• What this task involves
Only the lines from the line containing "leader = LeaderData()" to the end of the records, both included, belong in the answer, copied exactly.

Data extracts Start Marker

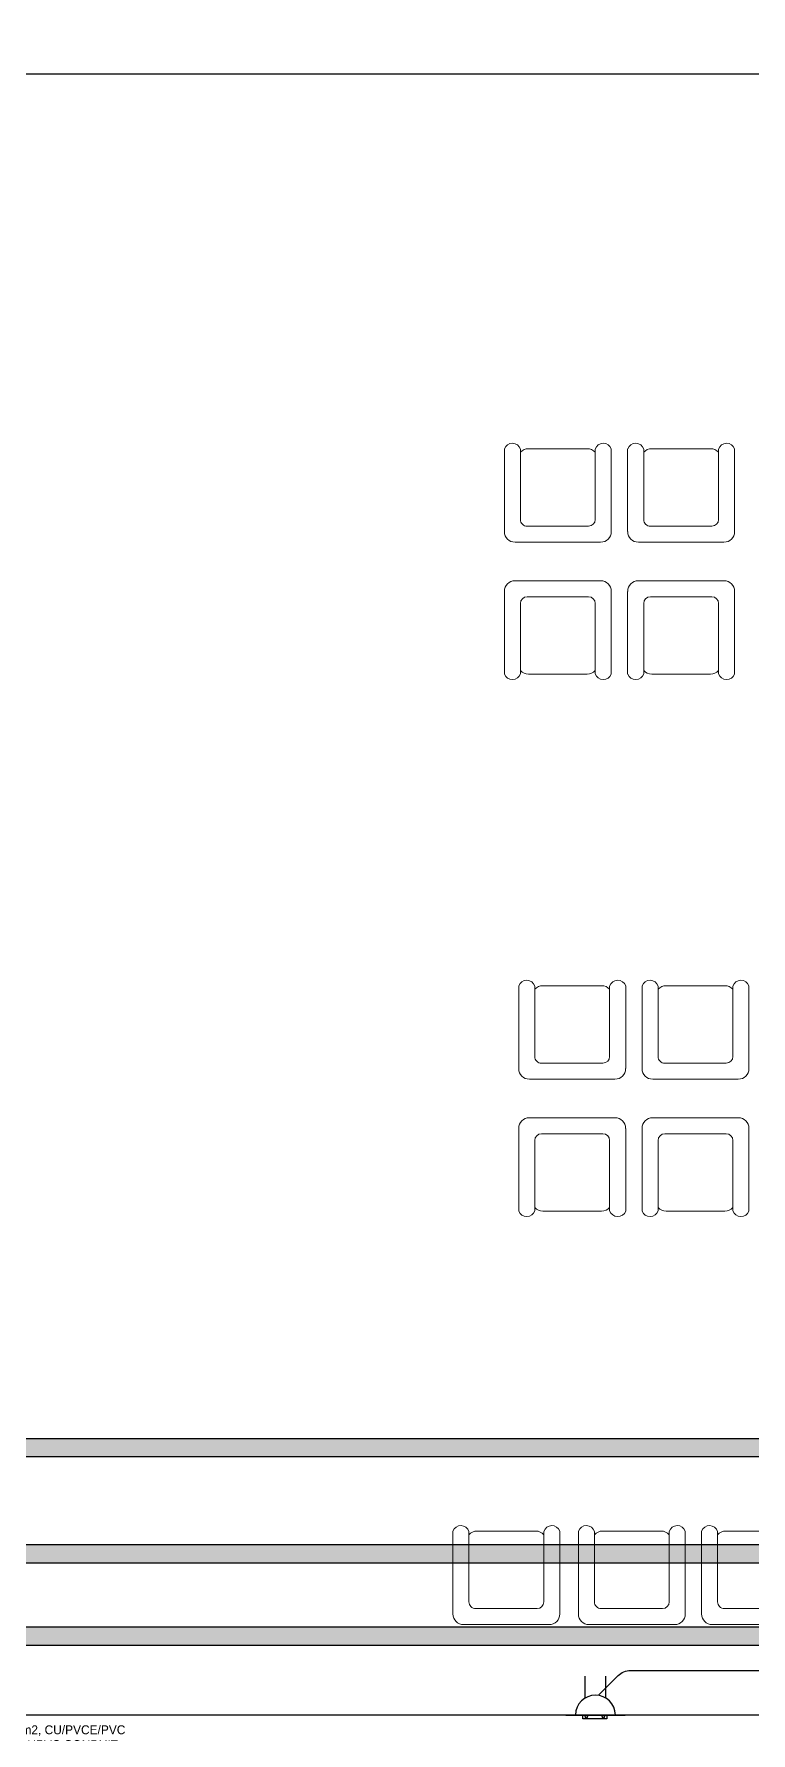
# Model space of a CAD drawing. Extents: x -1451 to 148, y -12854 to 856.
# Drawn here: x 55.84 to 59.86, y 367.77 to 377.31 of the extents above; entities that cross this region are included whole.
import ezdxf
from ezdxf import colors
from ezdxf.entities.mleader import LeaderData, LeaderLine
from ezdxf.math import Vec2, Vec3

# ---------------------------------------------------------------- set-up
doc = ezdxf.new("R2010")
doc.units = 0
doc.header["$LTSCALE"] = 0.15
for name, color, linetype in [('0 BDH', 252, 'Continuous'), ('0 NORMAL WIRING', 252, 'Continuous'), ('0 sockets', 252, 'Continuous'), ('0 TEXTT', 4, 'Continuous'), ('0 TRATS', 252, 'Continuous'), ('bound', 252, 'Continuous'), ('CPTOOLS-TRAY', 1, 'Continuous'), ('E-SOCK', 2, 'Continuous')]:
    doc.layers.add(name, color=color, linetype=linetype)
doc.layers.add('FUR', color=252, linetype='Continuous', lineweight=9)
doc.layers.add('wall', color=252, linetype='Continuous', lineweight=30)

# ---------------------------------------------------------------- blocks, each defined once
blk = doc.blocks.new('ARCH')
at = {"layer": 'bound', "color": 2}
blk.add_lwpolyline([(91.9019, 377.3479), (94.4258, 377.3479), (94.4258, 312.7217), (-14.9939, 312.7217), (-14.9939, 377.0896), (94.6391, 377.0896)], dxfattribs=at)
at = {"layer": 'FUR'}
for p, q in [((58.4778, 374.9841), (58.4778, 374.5191)), ((58.5678, 374.982), (58.5678, 374.5866)), ((58.9428, 374.9841), (58.6128, 374.9841)), ((58.9878, 374.5866), (58.9878, 374.982)), ((59.0778, 374.5191), (59.0778, 374.9841)), ((59.1696, 374.9841), (59.1696, 374.5191)), ((59.2596, 374.982), (59.2596, 374.5866)), ((59.6346, 374.9841), (59.3046, 374.9841)), ((59.6796, 374.5866), (59.6796, 374.982)), ((59.7696, 374.5191), (59.7696, 374.9841)), ((58.6053, 374.5491), (58.9503, 374.5491)), ((59.2971, 374.5491), (59.6421, 374.5491)), ((58.5378, 374.4591), (59.0178, 374.4591)), ((59.2296, 374.4591), (59.7096, 374.4591)), ((58.5378, 374.2429), (59.0178, 374.2429)), ((59.2296, 374.2429), (59.7096, 374.2429)), ((58.4778, 373.7179), (58.4778, 374.1829)), ((58.6053, 374.1529), (58.9503, 374.1529)), ((59.0778, 374.1829), (59.0778, 373.7179)), ((59.1696, 373.7179), (59.1696, 374.1829)), ((59.2971, 374.1529), (59.6421, 374.1529)), ((59.7696, 374.1829), (59.7696, 373.7179)), ((58.5678, 373.72), (58.5678, 374.1154)), ((58.9878, 374.1154), (58.9878, 373.72)), ((59.2596, 373.72), (59.2596, 374.1154)), ((59.6796, 374.1154), (59.6796, 373.72)), ((58.9428, 373.7179), (58.6128, 373.7179)), ((59.6346, 373.7179), (59.3046, 373.7179)), ((58.5584, 371.9692), (58.5584, 371.5042)), ((58.6484, 371.9671), (58.6484, 371.5717)), ((59.0234, 371.9692), (58.6934, 371.9692)), ((59.0684, 371.5717), (59.0684, 371.9671)), ((59.1584, 371.5042), (59.1584, 371.9692)), ((59.2502, 371.9692), (59.2502, 371.5042)), ((59.3402, 371.9671), (59.3402, 371.5717)), ((59.7152, 371.9692), (59.3852, 371.9692)), ((59.7602, 371.5717), (59.7602, 371.9671)), ((59.8502, 371.5042), (59.8502, 371.9692)), ((58.6859, 371.5342), (59.0309, 371.5342)), ((59.3777, 371.5342), (59.7227, 371.5342)), ((58.6184, 371.4442), (59.0984, 371.4442)), ((59.3102, 371.4442), (59.7902, 371.4442)), ((58.5584, 370.703), (58.5584, 371.168)), ((58.6184, 371.228), (59.0984, 371.228)), ((59.1584, 371.168), (59.1584, 370.703)), ((59.2502, 370.703), (59.2502, 371.168)), ((59.3102, 371.228), (59.7902, 371.228)), ((59.8502, 371.168), (59.8502, 370.703)), ((58.6484, 370.7051), (58.6484, 371.1005)), ((58.6859, 371.138), (59.0309, 371.138)), ((59.0684, 371.1005), (59.0684, 370.7051)), ((59.3402, 370.7051), (59.3402, 371.1005)), ((59.3777, 371.138), (59.7227, 371.138)), ((59.7602, 371.1005), (59.7602, 370.7051)), ((59.0234, 370.703), (58.6934, 370.703)), ((59.7152, 370.703), (59.3852, 370.703)), ((58.1889, 368.4424), (58.1889, 368.9074)), ((58.2789, 368.5099), (58.2789, 368.9054)), ((58.3239, 368.9074), (58.6539, 368.9074)), ((58.6989, 368.9054), (58.6989, 368.5099)), ((58.7889, 368.9074), (58.7889, 368.4424)), ((58.8928, 368.4424), (58.8928, 368.9074)), ((58.9828, 368.5099), (58.9828, 368.9054)), ((59.0278, 368.9074), (59.3578, 368.9074)), ((59.4028, 368.9054), (59.4028, 368.5099)), ((59.4928, 368.9074), (59.4928, 368.4424)), ((59.5846, 368.4424), (59.5846, 368.9074)), ((59.6746, 368.5099), (59.6746, 368.9054)), ((59.7196, 368.9074), (60.0496, 368.9074)), ((58.6614, 368.4724), (58.3164, 368.4724)), ((59.3653, 368.4724), (59.0203, 368.4724)), ((60.0571, 368.4724), (59.7121, 368.4724)), ((58.7289, 368.3824), (58.2489, 368.3824)), ((59.4328, 368.3824), (58.9528, 368.3824)), ((60.1246, 368.3824), (59.6446, 368.3824))]:
    blk.add_line(p, q, dxfattribs=at)
for centre, major_axis, start_param, end_param in [((58.5225, 374.9665), (-0.0339, 0.0339), 4.256093, 6.69338), ((58.6128, 374.9241), (-0.0424, 0.0424), -0.785398, 0.062664), ((58.9428, 374.9241), (0.0424, 0.0424), 6.220521, 7.068583), ((59.0332, 374.9665), (0.0339, 0.0339), 5.87299, 8.310278), ((59.2143, 374.9665), (-0.0339, 0.0339), 4.256093, 6.69338), ((59.3046, 374.9241), (-0.0424, 0.0424), -0.785398, 0.062664), ((59.6346, 374.9241), (0.0424, 0.0424), 6.220521, 7.068583), ((59.725, 374.9665), (0.0339, 0.0339), 5.87299, 8.310278), ((58.5378, 374.5191), (-0.0424, 0.0424), 0.785398, 2.356194), ((58.6053, 374.5866), (0.0265, 0.0265), 2.356194, 3.926991), ((58.9503, 374.5866), (0.0265, 0.0265), 3.926991, 5.497787), ((59.0178, 374.5191), (0.0424, 0.0424), 3.926991, 5.497787), ((59.2296, 374.5191), (-0.0424, 0.0424), 0.785398, 2.356194), ((59.2971, 374.5866), (0.0265, 0.0265), 2.356194, 3.926991), ((59.6421, 374.5866), (0.0265, 0.0265), 3.926991, 5.497787), ((59.7096, 374.5191), (0.0424, 0.0424), 3.926991, 5.497787), ((58.603, 371.9516), (-0.0339, 0.0339), 4.256093, 6.69338), ((58.6934, 371.9092), (-0.0424, 0.0424), -0.785398, 0.062664), ((59.0234, 371.9092), (0.0424, 0.0424), 6.220521, 7.068583), ((59.1138, 371.9516), (0.0339, 0.0339), 5.87299, 8.310278), ((59.2948, 371.9516), (-0.0339, 0.0339), 4.256093, 6.69338), ((59.3852, 371.9092), (-0.0424, 0.0424), -0.785398, 0.062664), ((59.7152, 371.9092), (0.0424, 0.0424), 6.220521, 7.068583), ((59.8056, 371.9516), (0.0339, 0.0339), 5.87299, 8.310278), ((58.6859, 371.5717), (0.0265, 0.0265), 2.356194, 3.926991), ((59.0309, 371.5717), (0.0265, 0.0265), 3.926991, 5.497787), ((59.3777, 371.5717), (0.0265, 0.0265), 2.356194, 3.926991), ((59.7227, 371.5717), (0.0265, 0.0265), 3.926991, 5.497787), ((58.6184, 371.5042), (-0.0424, 0.0424), 0.785398, 2.356194), ((59.0984, 371.5042), (0.0424, 0.0424), 3.926991, 5.497787), ((59.3102, 371.5042), (-0.0424, 0.0424), 0.785398, 2.356194), ((59.7902, 371.5042), (0.0424, 0.0424), 3.926991, 5.497787)]:
    blk.add_ellipse(centre, major_axis=major_axis, ratio=1, start_param=start_param, end_param=end_param, dxfattribs=at)
at = {"layer": 'FUR', "extrusion": (0, 0, -1)}
for centre, major_axis, start_param, end_param in [((58.5378, 374.1829), (0.0424, 0.0424), 3.926991, 5.497787), ((59.0178, 374.1829), (-0.0424, 0.0424), 0.785398, 2.356194), ((59.2296, 374.1829), (0.0424, 0.0424), 3.926991, 5.497787), ((59.7096, 374.1829), (-0.0424, 0.0424), 0.785398, 2.356194), ((58.6053, 374.1154), (0.0265, 0.0265), 3.926991, 5.497787), ((58.9503, 374.1154), (0.0265, 0.0265), -0.785398, 0.785398), ((59.2971, 374.1154), (0.0265, 0.0265), 3.926991, 5.497787), ((59.6421, 374.1154), (0.0265, 0.0265), -0.785398, 0.785398), ((58.6128, 373.7779), (0.0424, 0.0424), 2.356194, 3.204257), ((58.9428, 373.7779), (-0.0424, 0.0424), 3.078929, 3.926991), ((59.3046, 373.7779), (0.0424, 0.0424), 2.356194, 3.204257), ((59.6346, 373.7779), (-0.0424, 0.0424), 3.078929, 3.926991), ((58.5225, 373.7355), (0.0339, 0.0339), 1.1145, 3.551788), ((59.0332, 373.7355), (-0.0339, 0.0339), 2.731397, 5.168685), ((59.2143, 373.7355), (0.0339, 0.0339), 1.1145, 3.551788), ((59.725, 373.7355), (-0.0339, 0.0339), 2.731397, 5.168685), ((58.6184, 371.168), (0.0424, 0.0424), 3.926991, 5.497787), ((59.0984, 371.168), (-0.0424, 0.0424), 0.785398, 2.356194), ((59.3102, 371.168), (0.0424, 0.0424), 3.926991, 5.497787), ((59.7902, 371.168), (-0.0424, 0.0424), 0.785398, 2.356194), ((58.6859, 371.1005), (0.0265, 0.0265), 3.926991, 5.497787), ((59.0309, 371.1005), (0.0265, 0.0265), -0.785398, 0.785398), ((59.3777, 371.1005), (0.0265, 0.0265), 3.926991, 5.497787), ((59.7227, 371.1005), (0.0265, 0.0265), -0.785398, 0.785398), ((58.603, 370.7206), (0.0339, 0.0339), 1.1145, 3.551788), ((58.6934, 370.763), (0.0424, 0.0424), 2.356194, 3.204257), ((59.0234, 370.763), (-0.0424, 0.0424), 3.078929, 3.926991), ((59.1138, 370.7206), (-0.0339, 0.0339), 2.731397, 5.168685), ((59.2948, 370.7206), (0.0339, 0.0339), 1.1145, 3.551788), ((59.3852, 370.763), (0.0424, 0.0424), 2.356194, 3.204257), ((59.7152, 370.763), (-0.0424, 0.0424), 3.078929, 3.926991), ((59.8056, 370.7206), (-0.0339, 0.0339), 2.731397, 5.168685), ((58.2335, 368.8899), (-0.0339, 0.0339), 5.87299, 8.310278), ((58.3239, 368.8474), (-0.0424, 0.0424), 6.220521, 7.068583), ((58.6539, 368.8474), (0.0424, 0.0424), -0.785398, 0.062664), ((58.7443, 368.8899), (0.0339, 0.0339), 4.256093, 6.69338), ((58.9374, 368.8899), (-0.0339, 0.0339), 5.87299, 8.310278), ((59.0278, 368.8474), (-0.0424, 0.0424), 6.220521, 7.068583), ((59.3578, 368.8474), (0.0424, 0.0424), -0.785398, 0.062664), ((59.4481, 368.8899), (0.0339, 0.0339), 4.256093, 6.69338), ((59.6292, 368.8899), (-0.0339, 0.0339), 5.87299, 8.310278), ((59.7196, 368.8474), (-0.0424, 0.0424), 6.220521, 7.068583), ((58.3164, 368.5099), (0.0265, 0.0265), 2.356194, 3.926991), ((58.6614, 368.5099), (0.0265, 0.0265), 0.785398, 2.356194), ((59.0203, 368.5099), (0.0265, 0.0265), 2.356194, 3.926991), ((59.3653, 368.5099), (0.0265, 0.0265), 0.785398, 2.356194), ((59.7121, 368.5099), (0.0265, 0.0265), 2.356194, 3.926991), ((58.2489, 368.4424), (-0.0424, 0.0424), 3.926991, 5.497787), ((58.7289, 368.4424), (0.0424, 0.0424), 0.785398, 2.356194), ((58.9528, 368.4424), (-0.0424, 0.0424), 3.926991, 5.497787), ((59.4328, 368.4424), (0.0424, 0.0424), 0.785398, 2.356194), ((59.6446, 368.4424), (-0.0424, 0.0424), 3.926991, 5.497787)]:
    blk.add_ellipse(centre, major_axis=major_axis, ratio=1, start_param=start_param, end_param=end_param, dxfattribs=at)
at = {"layer": 'wall'}
blk.add_line((55.725, 367.875), (65.4, 367.875), dxfattribs=at)
blk = doc.blocks.new('s')
at = {"layer": '0 BDH', "linetype": 'ByBlock'}
h = blk.add_hatch(dxfattribs=at)
h.set_pattern_fill('ANGLE', color=2)
h.set_pattern_definition([(0, (-147.759, -393.318), (0, 6.985), [5.08, -1.905]), (90, (-147.759, -393.318), (-6.985, 4e-16), [5.08, -1.905])])
h.paths.add_polyline_path([(0.073, 0.002, 1), (0.054, 0.002, 1)])
at = {"layer": '0 BDH', "color": 6, "linetype": 'ByBlock'}
blk.add_lwpolyline([(-0.089, 0.015), (0.089, 0.015), (0.089, -0.015), (-0.089, -0.015)], close=True, dxfattribs=at)
for centre in [(-0.064, 0.002), (0.064, 0.002)]:
    blk.add_circle(centre, 0.00918, dxfattribs=at)
blk = doc.blocks.new('*U277')
at = {"layer": 'E-SOCK'}
for p, q in [((-0.077, -0.021), (-0.077, 0.142)), ((0.077, -0.021), (0.077, 0.142)), ((-0.223, -0.149), (0.223, -0.149))]:
    blk.add_line(p, q, dxfattribs=at)
blk.add_arc((0, -0.149), 0.149, 0, 180, dxfattribs=at)
at = {"layer": '0 BDH', "color": 6, "linetype": 'ByBlock'}
blk.add_blockref('s', (-0.005, -0.163), dxfattribs=at)
blk = doc.blocks.new('*U207')
at = {"layer": 'CPTOOLS-TRAY'}
h = blk.add_hatch(dxfattribs=at)
h.set_pattern_fill('HEX', color=0, scale=0.005)
h.paths.add_polyline_path([(0.05, 47.2034), (-0.05, 47.2034), (-0.05, 0), (0.05, 0)])
at = {"layer": 'CPTOOLS-TRAY', "color": 0}
blk.add_lwpolyline([(0.05, 47.2034), (-0.05, 47.2034), (-0.05, 0), (0.05, 0)], close=True, dxfattribs=at)
blk = doc.blocks.new('K7X7X1U5B4')
at = {"layer": '0 TRATS', "color": 0, "linetype": 'ByBlock', "rotation": 90}
blk.add_blockref('*U207', (64.2884, 368.3172), dxfattribs=at)
blk = doc.blocks.new('*U240')
at = {"layer": 'CPTOOLS-TRAY'}
h = blk.add_hatch(dxfattribs=at)
h.set_pattern_fill('HEX', color=0, scale=0.005)
h.paths.add_polyline_path([(0.05, 46.8494), (-0.05, 46.8494), (-0.05, 0), (0.05, 0)])
at = {"layer": 'CPTOOLS-TRAY', "color": 0}
blk.add_lwpolyline([(0.05, 46.8494), (-0.05, 46.8494), (-0.05, 0), (0.05, 0)], close=True, dxfattribs=at)
blk = doc.blocks.new('C5A2A8X4T8')
at = {"layer": '0 TRATS', "color": 0, "linetype": 'ByBlock', "rotation": 90}
blk.add_blockref('*U240', (63.5249, 368.7793), dxfattribs=at)
blk = doc.blocks.new('*U260')
at = {"layer": 'CPTOOLS-TRAY'}
h = blk.add_hatch(dxfattribs=at)
h.set_pattern_fill('HEX', color=0, scale=0.005)
h.paths.add_polyline_path([(0.05, 46.9048), (-0.05, 46.9048), (-0.05, 0), (0.05, 0)])
at = {"layer": 'CPTOOLS-TRAY', "color": 0}
blk.add_lwpolyline([(0.05, 46.9048), (-0.05, 46.9048), (-0.05, 0), (0.05, 0)], close=True, dxfattribs=at)
blk = doc.blocks.new('W2J0O4G0K3')
at = {"layer": '0 TRATS', "color": 0, "linetype": 'ByBlock', "rotation": 90}
blk.add_blockref('*U260', (63.1366, 369.3757), dxfattribs=at)

msp = doc.modelspace()

# ---------------------------------------------------------------- linework, layer by layer
at = {"layer": '0 NORMAL WIRING', "color": 3}
msp.add_lwpolyline([(59.005, 367.9852), (59.1155, 368.0957, -0.198912), (59.1863, 368.125), (60.3891, 368.125, -0.198912), (60.4598, 368.0957), (60.5707, 367.9849)], format="xyb", dxfattribs=at)

# ---------------------------------------------------------------- block references
at = {"layer": '0 sockets', "color": 3}
msp.add_blockref('ARCH', (0, 0), dxfattribs=at)
at = {"layer": '0 sockets', "color": 3, "xscale": 0.75, "yscale": 0.75, "zscale": 0.75}
msp.add_blockref('*U277', (58.9889, 367.9864), dxfattribs=at)
at = {"layer": '0 TRATS', "color": 1, "linetype": 'ByBlock'}
msp.add_blockref('W2J0O4G0K3', (0, 0), dxfattribs=at)
at = {"layer": '0 TRATS', "color": 4, "linetype": 'ByBlock'}
msp.add_blockref('C5A2A8X4T8', (0, 0), dxfattribs=at)
at = {"layer": '0 TRATS', "color": 6, "linetype": 'ByBlock'}
msp.add_blockref('K7X7X1U5B4', (0, 0), dxfattribs=at)

# ---------------------------------------------------------------- leaders
at = {"layer": '0 TEXTT', "color": 1, "linetype": 'ByBlock'}
ml = msp.add_multileader_mtext('Standard', dxfattribs=at)
ml.set_content('NSP-B \\P(3x3) mm2, CU/PVCE/PVC\\P? 25mm UPVC CONDUIT\\PEXPOSED ABOVE FALSE CELLING', color=6)
ml.set_leader_properties(color=4)
ml.build(insert=Vec2(0, 0))
ml.multileader.update_dxf_attribs({"text_right_attachment_type": 6, "dogleg_length": 0.05, "arrow_head_size": 0.1})
ctx = ml.context
ctx.base_point, ctx.char_height, ctx.arrow_head_size, ctx.landing_gap_size = Vec3(55.5306, 367.875), 0.05, 0.1, 0.01
ctx.right_attachment = 6
notes = []
notes.append((ctx, [(0, (1, 1, 0), (55.4806, 367.875), (1, 0), 0.05, [(0, [(54.925, 368.1579)], 0, [])])]))
ctx.mtext.insert, ctx.mtext.width, ctx.mtext.flow_direction = Vec3(55.5406, 367.9), 6.216, 5
for ctx, leaders in notes:
    for number, flags, end, landing, length, lines in leaders:
        leader = LeaderData()
        leader.index, (leader.has_last_leader_line, leader.has_dogleg_vector, leader.attachment_direction) = number, flags
        leader.last_leader_point, leader.dogleg_vector, leader.dogleg_length = Vec3(end), Vec3(landing), length
        for number, points, colour, breaks in lines:
            line = LeaderLine()
            line.index, line.vertices, line.color, line.breaks = number, Vec3.list(points), colors.encode_raw_color(colour), breaks
            leader.lines.append(line)
        ctx.leaders.append(leader)

doc.saveas('drawing.dxf')

Data extracts End Marker

• Solution for this problem
        leader = LeaderData()
        leader.index, (leader.has_last_leader_line, leader.has_dogleg_vector, leader.attachment_direction) = number, flags
        leader.last_leader_point, leader.dogleg_vector, leader.dogleg_length = Vec3(end), Vec3(landing), length
        for number, points, colour, breaks in lines:
            line = LeaderLine()
            line.index, line.vertices, line.color, line.breaks = number, Vec3.list(points), colors.encode_raw_color(colour), breaks
            leader.lines.append(line)
        ctx.leaders.append(leader)

doc.saveas('drawing.dxf')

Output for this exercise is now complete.